Our disillusion at the narrative outcome is also a betrayal of our expectation of romance; for King Lear presents the ideal pacifications of romance in a much more chilling perspective. To borrow a fine phrase from Shelley, all those 'beautiful idealisms of moral excellence' which effect the reconciliatory rituals of romance are here seen to be ineffective when faced with the powerful social contradictions which it is commonly their business to reconcile. The play explores in particular, perhaps, the contrary truths to everything that Spenser had celebrated in book II of The Faerie Queene, where temperance had overcome the temptations of anger and lust and had sealed up the discontinuities of history in a timeless iconography of goodness. Here in King Lear temperance succumbs to anger and lust, and a rift is opened up in history. The poet, using to the full that special licence not granted to the historiographer, has brought forward by nine generations the extinction of Brutus' line; and in so doing he has brought into play that violence and destructiveness which constantly attend upon social contradiction.

King Lear has been called 'a courtly compliment' to King James; it has been considered an Awful Warning to his people and parliament in their resistance to the union of Scotland with England; it may even be considered an Awful Warning to James himself; and no doubt it will yield such meanings. But they are not spelled out for us; King Lear is remarkable precisely for its freedom from the kind of framework that we find in Gorboduc, where all things are made to spell out the credenda and agenda of political orthodoxy. We are left at the end not with dogma but with dead loss. The effect is similar to that which Fulke Greville believed was aimed at in classical tragedy: 'to exemplifie the disastrous miseries of mans life, where Order, Lawes, Doctrine, and Authority are unable to protect Innocency from the exorbitant wickednesse of power, and so out of that melancholike Vision, stir horrour, or murmur against Divine Providence'.

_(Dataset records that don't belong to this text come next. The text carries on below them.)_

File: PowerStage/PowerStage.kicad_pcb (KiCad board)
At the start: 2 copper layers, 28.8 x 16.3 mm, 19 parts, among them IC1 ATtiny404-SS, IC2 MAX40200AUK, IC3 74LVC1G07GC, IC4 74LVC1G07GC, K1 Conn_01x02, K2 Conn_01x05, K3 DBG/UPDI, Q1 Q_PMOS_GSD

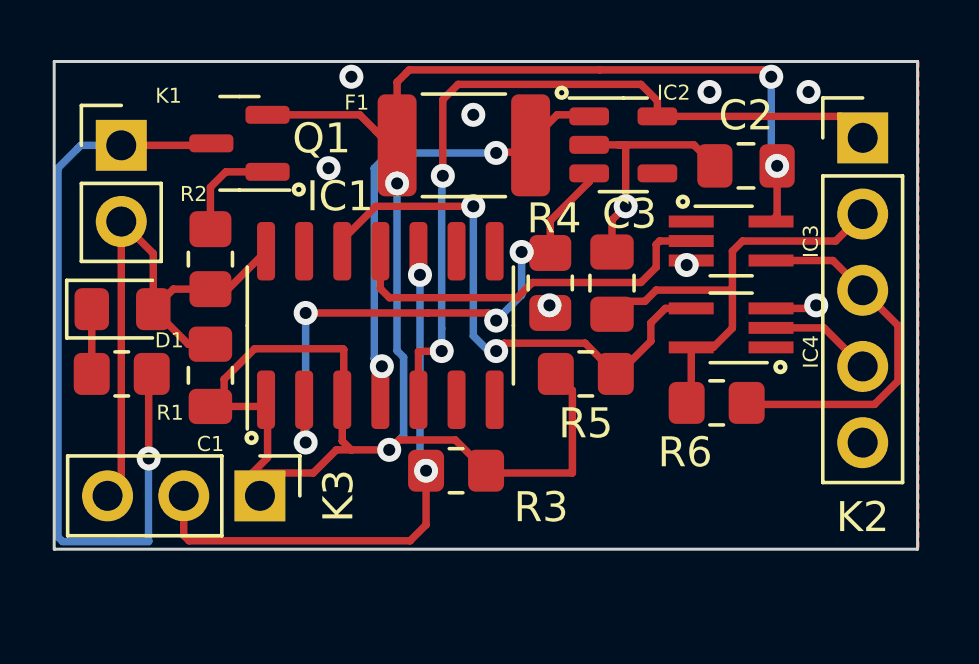
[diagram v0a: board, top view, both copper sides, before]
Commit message: Fixes in the schematic
Some fixes in the schematic
Not routed
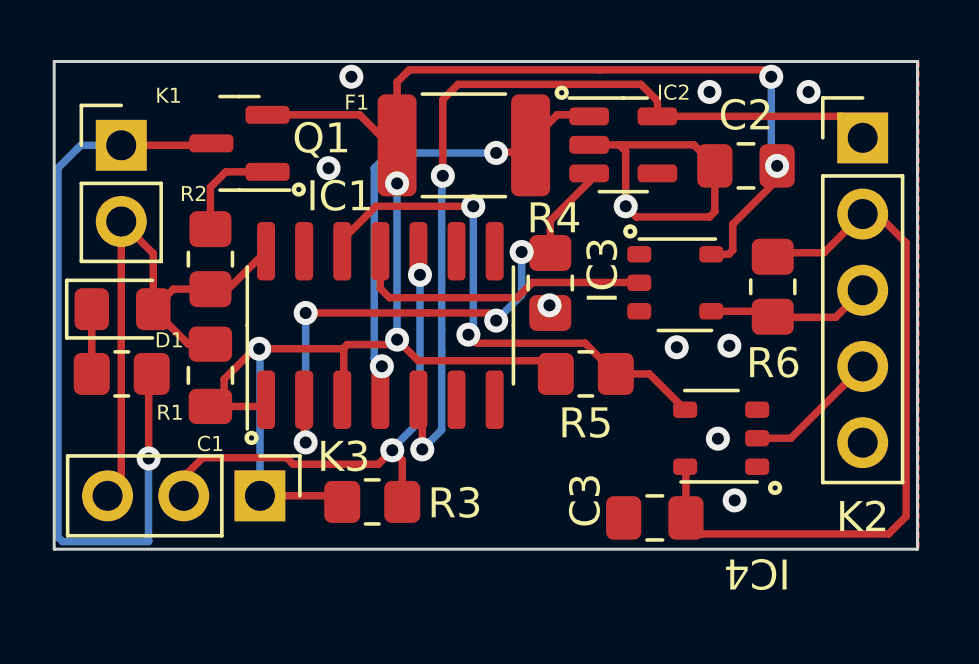
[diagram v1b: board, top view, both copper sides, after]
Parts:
- IC3, IC4: footprint Package_TO_SOT_SMD:SOT-353_SC-70-5_Handsoldering -> SC-74A_SOT753:SC-74A
- moved C3 7.96 mm to (125.7, 86.3), turned to 180 degrees
- moved IC4 4.71 mm to (129.1, 84.6)
- moved R6 4.30 mm to (129.6, 78.6), turned to -90 degrees
- moved IC3 3.10 mm to (125.2, 77.5)
- moved R3 2.98 mm to (116.3, 85.8), turned to 0 degrees
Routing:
- net VIN_3V3: track 15.2 -> 23.8 mm
- net TX: track 12.5 -> 5.22 mm
- net BAT_IN: track 65.4 -> 58.7 mm, vias 4 -> 5
- net VOUT: track 26.0 -> 28.9 mm
- net PA1: track 13.0 -> 10.2 mm
- net UPDI: track 18.1 -> 16.2 mm
- net GND: track 29.9 -> 31.0 mm, vias 9 -> 10
- net PA2: track 18.8 -> 17.8 mm
- net RX: track 3.59 -> 4.51 mm

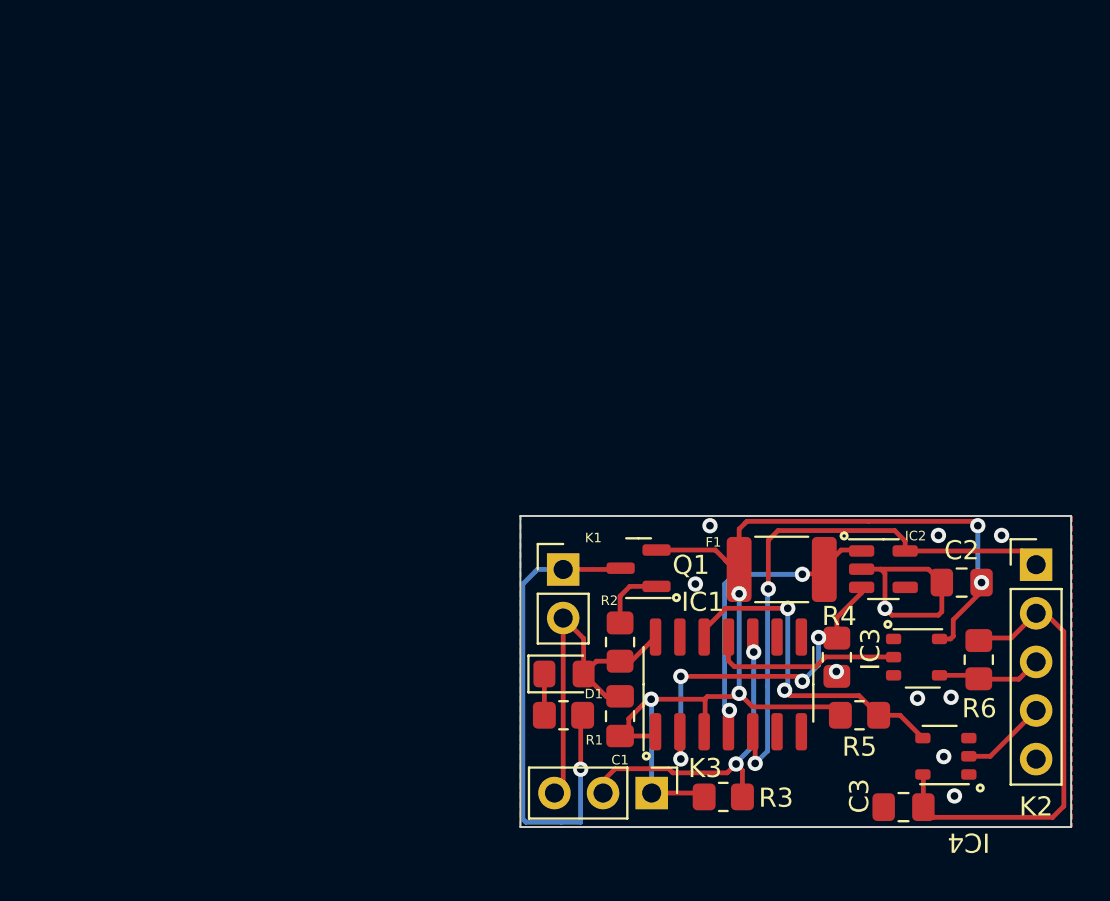
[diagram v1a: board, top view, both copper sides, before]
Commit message: Updated PCB
PCB and Schamtic has been updated
Not neeed connections removed
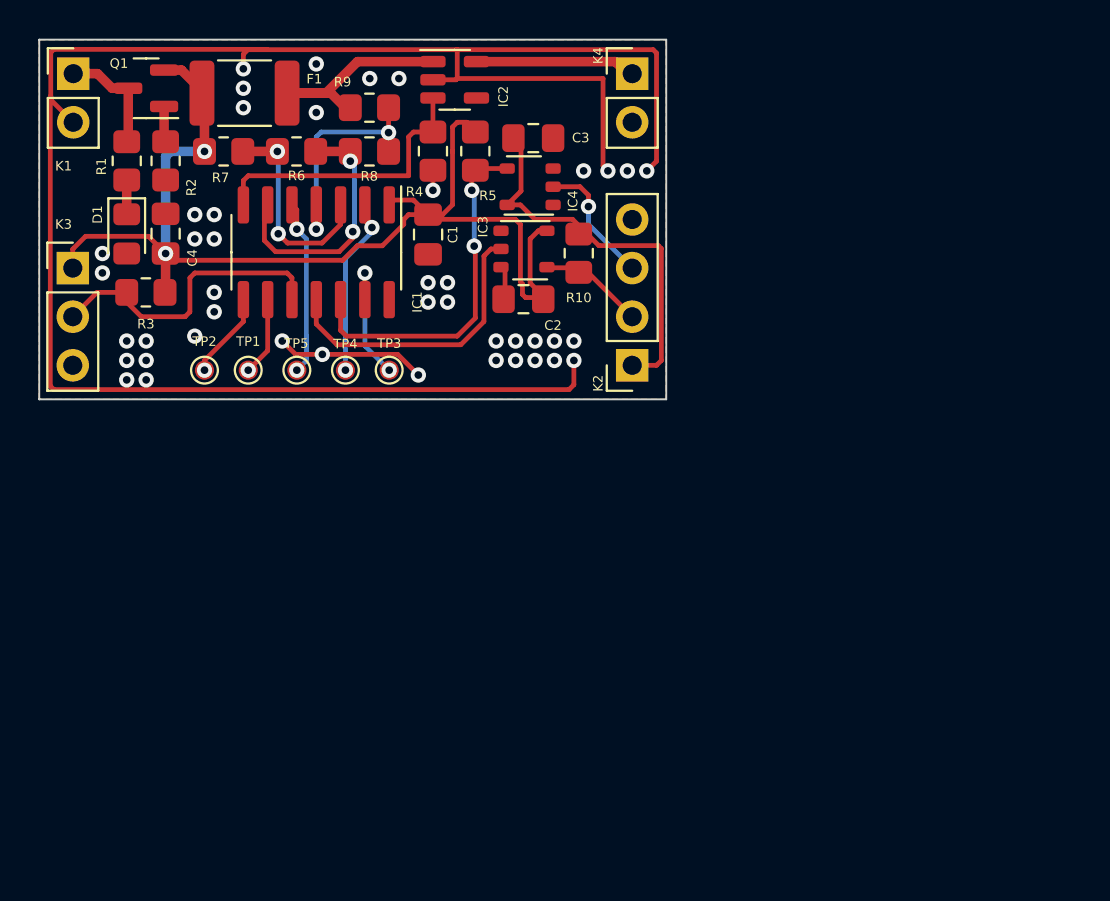
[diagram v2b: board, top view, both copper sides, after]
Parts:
- added C4: 10uF/10V, Capacitor_SMD:C_0805_2012Metric_Pad1.18x1.45mm_HandSolder, F.Cu at (87.1, 56.4)
- added K4: Conn_01x02, Connector_PinHeader_2.54mm:PinHeader_1x02_P2.54mm_Vertical, F.Cu at (111.5, 48.0)
- added R10: 10k, Resistor_SMD:R_0805_2012Metric_Pad1.20x1.40mm_HandSolder, F.Cu at (108.7, 57.4)
- added R7: 10k, Resistor_SMD:R_0805_2012Metric_Pad1.20x1.40mm_HandSolder, F.Cu at (90.2, 52.1)
- added R8: 10k, Resistor_SMD:R_0805_2012Metric_Pad1.20x1.40mm_HandSolder, F.Cu at (97.8, 52.1)
- added R9: 10k, Resistor_SMD:R_0805_2012Metric_Pad1.20x1.40mm_HandSolder, F.Cu at (97.8, 49.8)
- added TP1: PB0, TestPoint:TestPoint_Pad_D1.0mm, F.Cu at (91.4, 63.5)
- added TP2: PB1, TestPoint:TestPoint_Pad_D1.0mm, F.Cu at (89.2, 63.5)
- added TP3: PA3, TestPoint:TestPoint_Pad_D1.0mm, F.Cu at (98.8, 63.5)
- added TP4: PA4, TestPoint:TestPoint_Pad_D1.0mm, F.Cu at (96.5, 63.5)
- added TP5: PA7, TestPoint:TestPoint_Pad_D1.0mm, F.Cu at (94.0, 63.5)
- K2: value Conn_01x05 -> Conn_01x04; footprint Connector_PinHeader_2.54mm:PinHeader_1x05_P2.54mm_Vertical -> Connector_PinSocket_2.54mm:PinSocket_1x04_P2.54mm_Vertical
- moved R6 44.5 mm to (94.0, 52.1), turned to 180 degrees
- moved K3 40.8 mm to (82.3, 58.2), turned to 0 degrees
- moved R3 40.1 mm to (86.1, 59.4), turned to 180 degrees
- moved C3 40.0 mm to (106.3, 51.4), turned to 0 degrees
- moved F1 37.5 mm to (91.2, 49.0)
- moved R1 36.9 mm to (85.1, 52.6), turned to -90 degrees
- moved IC4 36.8 mm to (107.4, 54.9)
- moved K1 36.4 mm to (82.3, 48.0)
- moved Q1 35.9 mm to (86.1, 48.8)
- moved R5 35.7 mm to (103.3, 52.1), turned to 90 degrees
- moved R2 34.6 mm to (87.1, 52.6)
- moved IC2 34.0 mm to (102.2, 48.3)
- moved R4 33.8 mm to (101.1, 52.1)
- moved D1 32.4 mm to (85.1, 56.4), turned to -90 degrees
- moved IC1 31.2 mm to (95.0, 57.3), turned to -90 degrees
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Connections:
- net Net-(K1-Pad1) renamed VIN
- IC1 pad 13: unconnected-(IC1-Pad13) -> Net-(IC1-Pad13)
- IC1 pad 3: BAT_IN -> Net-(IC1-Pad3)
- IC1 pad 4: Net-(F1-Pad2) -> Net-(IC1-Pad4)
- IC1 pad 5: VOUT -> Net-(IC1-Pad5)
- IC1 pad 6: unconnected-(IC1-Pad6) -> PB3
- IC1 pad 7: unconnected-(IC1-Pad7) -> PB2
- IC1 pad 8: unconnected-(IC1-Pad8) -> Net-(IC1-Pad8)
- IC1 pad 9: unconnected-(IC1-Pad9) -> Net-(IC1-Pad9)
- IC2 pad 3: Net-(IC1-Pad2) -> PB2
- K2 pad 1: VOUT -> VIN_3V3
- K2 pad 2: VIN_3V3 -> TX
- K2 pad 3: TX -> RX
- K2 pad 4: RX -> GND
- R4 pad 1: Net-(IC1-Pad2) -> PB2
- R6 pad 1: VIN_3V3 -> PB3
- R6 pad 2: TX -> Net-(IC1-Pad3)
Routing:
- net GND: track 31.0 -> 114.2 mm, vias 10 -> 44
- net VIN: track 26.7 -> 6.01 mm, vias 1 -> 0
- net VOUT: track 28.9 -> 8.40 mm, vias 2 -> 0
- net PB2: track 0.00 -> 15.2 mm
- net PB3: track 0.00 -> 13.5 mm, vias 0 -> 2
- net Net-(IC1-Pad4): track 0.00 -> 12.3 mm, vias 0 -> 2
- net Net-(IC1-Pad3): track 0.00 -> 12.0 mm, vias 0 -> 2
- net Net-(IC1-Pad2): track 19.0 -> 9.45 mm, vias 4 -> 2
- net Net-(IC1-Pad5): track 0.00 -> 9.16 mm, vias 0 -> 2
- net Net-(IC1-Pad13): track 0.00 -> 7.00 mm, vias 0 -> 2
- net PA1: track 10.2 -> 15.7 mm
- net Net-(IC1-Pad8): track 0.00 -> 4.53 mm, vias 0 -> 1
- net Net-(F1-Pad2): track 16.0 -> 11.8 mm, vias 2 -> 0
- net Net-(IC1-Pad9): track 0.00 -> 4.11 mm, vias 0 -> 1
- net VIN_3V3: track 23.8 -> 20.4 mm
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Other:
- board size 28.8 x 16.3 mm -> 32.8 x 18.8 mm
- board text removed: "5.5V to 2.5V Input"
- board text removed: "<-TX"
- board text removed: "GND"
- board text removed: "GND (-)"
- board text removed: "In_3V3"
- board text removed: "Low Power Timer for Raspberry Pi Pico (W)"
- board text removed: "RX->"
- board text removed: "UPDI"
- board text removed: "VBat"
- board text removed: "VBat_In (+)"
- board text removed: "Vout"

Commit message: Files for Rev 2 order
Designe send to Aisler
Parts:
- removed TP1: PB0, TestPoint:TestPoint_Pad_D1.0mm
- removed TP2: PB1, TestPoint:TestPoint_Pad_D1.0mm
- removed TP3: PA3, TestPoint:TestPoint_Pad_D1.0mm
- removed TP4: PA4, TestPoint:TestPoint_Pad_D1.0mm
- removed TP5: PA7, TestPoint:TestPoint_Pad_D1.0mm
- added PA3: PA3, TestPoint:TestPoint_Pad_D1.0mm, F.Cu at (98.8, 63.5)
- added PA4: PA4, TestPoint:TestPoint_Pad_D1.0mm, F.Cu at (96.5, 63.5)
- added PA7: PA7, TestPoint:TestPoint_Pad_D1.0mm, F.Cu at (94.0, 63.5)
- added PB0: PB0, TestPoint:TestPoint_Pad_D1.0mm, F.Cu at (91.4, 63.5)
- added PB1: PB1, TestPoint:TestPoint_Pad_D1.0mm, F.Cu at (89.2, 63.5)
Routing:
- net GND: track 114.2 -> 232.1 mm
- net VIN_3V3: track 20.4 -> 16.6 mm, vias 0 -> 1
- net BAT_IN: track 60.4 -> 61.2 mm
- net RX: track 6.79 -> 6.24 mm, vias 1 -> 0
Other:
- board text added: "->TX"
- board text added: "GND"
- board text added: "Power Down Module for Raspberry Pi Pico(W) UART EDITION Rev: 2.0 Date 29/08/2022 By CalM"
- board text added: "RX<-"
- board text added: "UPDI"
- board text added: "VBat(+)"
- board text added: "VIn(+)"
- board text added: "VOut"
- board text added: "V_ext"

Yet this is not ancient tragedy but tragedy of his own national history that Shakespeare has written. He has assimilated pagan to Christian and barbaric to mediaeval in order to recreate a Tudor myth of national origin; but he has done so, once again, only to betray expectation. For King Lear subverts not only romance but also the mythical charter of its own country. It tells not of a civilization won for the present with heroic difficulty in the past, but of a civilization lost with anguish for all time—a loss which was absolute but is still present with us, informing our understanding of the disastrous miseries, the injustices and the violence which still succeeds, in our lesser world, upon the breakdown of social reciprocity.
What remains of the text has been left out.